Test for framebuffer memcpy bugs:
https://gist.github.com/jnettlet/80f8d09d01c0dc0ffc0122f36ed78de6

Unfortunately I lack the knowledge to know how to build a test util for FreeBSD, but I do wonder if the coherency issue on the bus is impacting my case as well?

Another user in the vendor's Discord channel recently stated that they've been experiencing issues with using 2x NVMe drives off of a SuperMicro bifurcated PCIe-to-NVMe adapter. And I've since been able to replicate the issues using a Linux mdadm mirror as well.

I have not seen panics when testing single drives, only when using pools of 2 or more.

Perhaps it only presents when there are multiple commands issued in parallel?

> is this a zpool import from a pool that was created on another system?

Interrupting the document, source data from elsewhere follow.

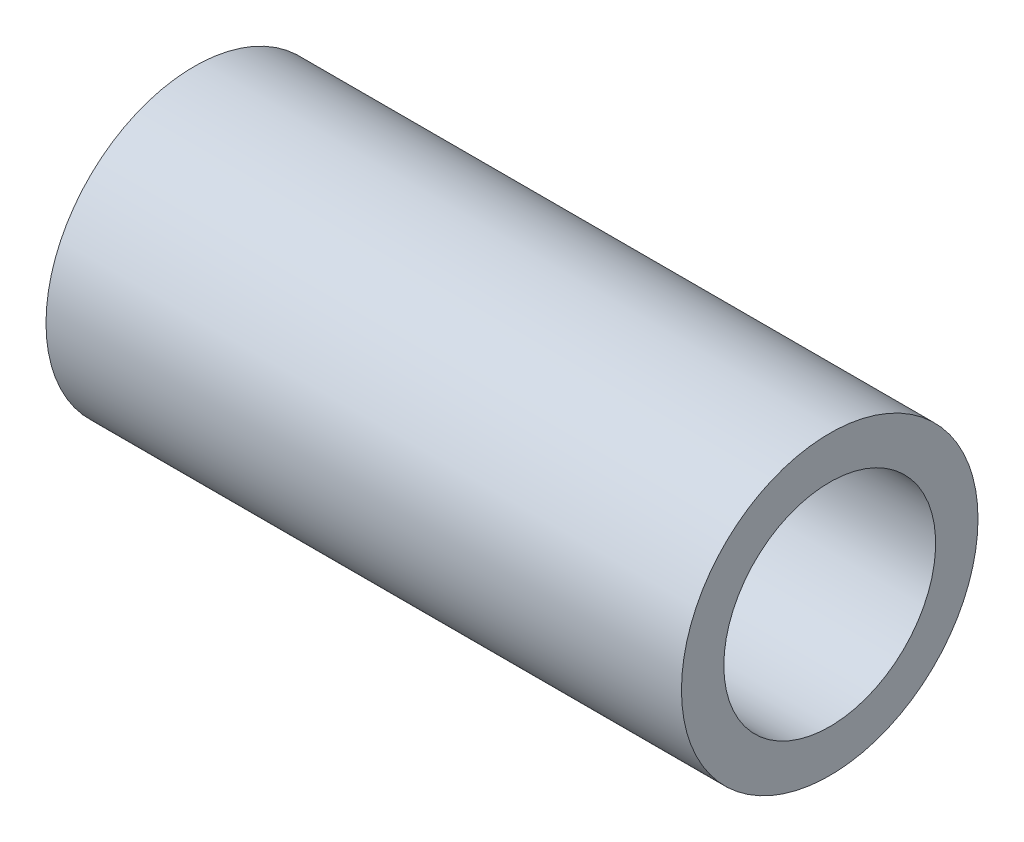
from build123d import *

# Parameters (mm, degrees)
SKIZZE1_W = 30
SKIZZE1_H = 2


with BuildPart() as part:
    # Skizze1 → Rotation1 (revolve)
    with BuildSketch(Plane.XY, mode=Mode.PRIVATE) as rotation1_sk:
        with Locations((15, 6)):
            Rectangle(SKIZZE1_W, SKIZZE1_H)
    revolve(rotation1_sk.sketch.rotate(Axis((0, 0, 0), (1, 0, 0)), 90), axis=Axis((0, 0, 0), (1, 0, 0)))


solid = part.part
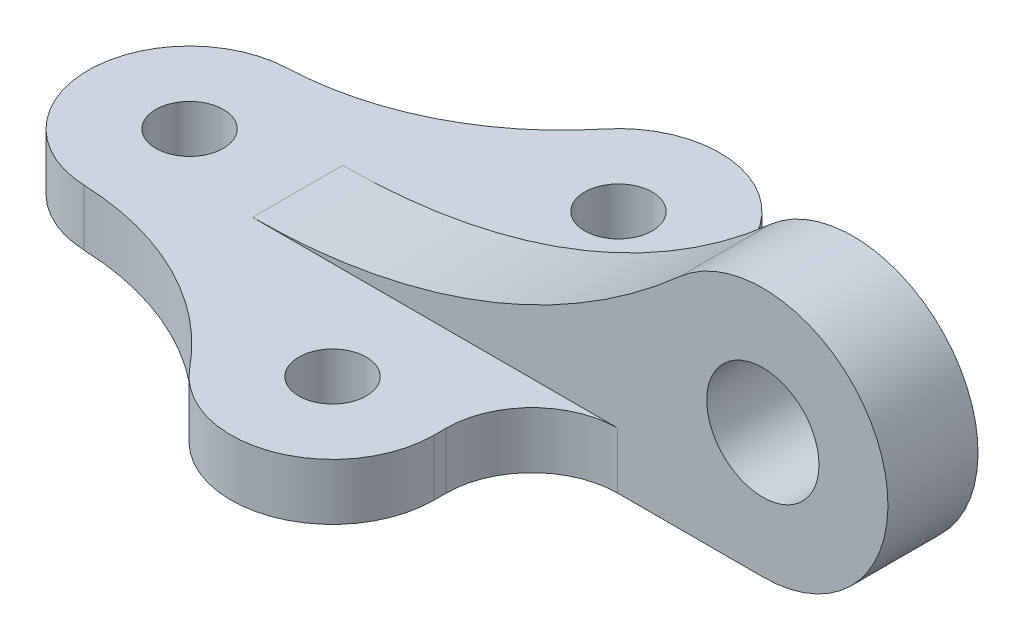
from build123d import *

# Parameters (mm, degrees)
SKETCH2_R           = 5.9944
BOSS_EXTRUDE1_DEPTH = 5.0038
SKETCH3_R           = 9.9695
BOSS_EXTRUDE2_DEPTH = 8.001
FILLET1_R           = 15.24


with BuildPart() as part:
    # Sketch2 → Boss-Extrude1 (new, symmetric)
    with BuildSketch(Plane(origin=(0, 0, 0), x_dir=(1, 0, 0), z_dir=(0, 1, 0))):
        with BuildLine():
            Line((68.834, 25.4), (68.834, -25.4))
            ThreePointArc((68.834, -25.4), (56.830149579, -42.395953991), (36.798683148, -36.76610234))
            ThreePointArc((36.798683148, -36.76610234), (20.076804637, -23.346390726), (-0.69209176, -18.020714886))
            ThreePointArc((-0.69209176, -18.020714886), (-18.034, 0), (-0.69209176, 18.020714886))
            ThreePointArc((-0.69209176, 18.020714886), (20.076804637, 23.346390726), (36.798683148, 36.76610234))
            ThreePointArc((36.798683148, 36.76610234), (56.830149579, 42.395953991), (68.834, 25.4))
        make_face()
        with Locations(Location((0, 0, 0), (0, 0, 270))):
            Circle(SKETCH2_R, mode=Mode.SUBTRACT)
        with Locations(Location((50.8, 25.4, 0), (0, 0, 270))):
            Circle(SKETCH2_R, mode=Mode.SUBTRACT)
        with Locations(Location((50.8, -25.4, 0), (0, 0, 270))):
            Circle(SKETCH2_R, mode=Mode.SUBTRACT)
    extrude(amount=BOSS_EXTRUDE1_DEPTH, both=True)

    # Sketch3 → Boss-Extrude2 (add, symmetric)
    with BuildSketch(Plane.XY):
        with BuildLine():
            Line((109.855, -5.0038), (68.834, -5.0038))
            Line((68.834, -5.0038), (68.834, 5.0038))
            Line((68.834, 5.0038), (36.798683148, 5.0038))
            Line((36.798683148, 5.0038), (19.200610133, 5.0038))
            ThreePointArc((19.200610133, 5.0038), (59.795544448, 12.455583787), (95.097308626, 33.839297674))
            ThreePointArc((95.097308626, 33.839297674), (130.631042041, 25.11465945), (109.855, -5.0038))
        make_face()
        with Locations((109.855, 17.2212)):
            Circle(SKETCH3_R, mode=Mode.SUBTRACT)
    extrude(amount=BOSS_EXTRUDE2_DEPTH, both=True)

    # Fillet1
    fillet1_edges = [part.edges().sort_by_distance(p)[0] for p in [
        (68.834, 0, 8.001),
        (68.834, 0, -8.001),
    ]]
    fillet(fillet1_edges, radius=FILLET1_R)


solid = part.part

I have been able to reproduce with zpools from known-working systems and trying to create new ones as well.
Comment 21 Dan Kotowski 2024-10-10 14:28:55 UTC
An interesting update from Solidrun:

https://developer.arm.com/documentation/ddi0517/f/functional-description/constraints-and-limitations-of-use/axi3-and-axi4-support

> The MMU-500 supports the AXI3 and AXI4 protocols when the sysbardisable_<tbuname> input signal is tied HIGH. In such cases, the following AXI3 features are not supported:
> 
> Write data interleaving
> 
> Write data and write address ordering must be the same, otherwise data corruption can occur.

NXP pulls this high in their PBI code. Could write-interleaving enablement be a sysctl?
Comment 22 Dan Kotowski 2024-10-29 06:54:12 UTC
Another recent note from Solidrun's chief systems architect:

> The way that the Cortex-A72 cores do gathering is an undefinied behaviour in the PCIe spec, and since AXI / ACE / CHI don't know about the gathering memory property (it is part of the Arm core design) it causes inconsistencies.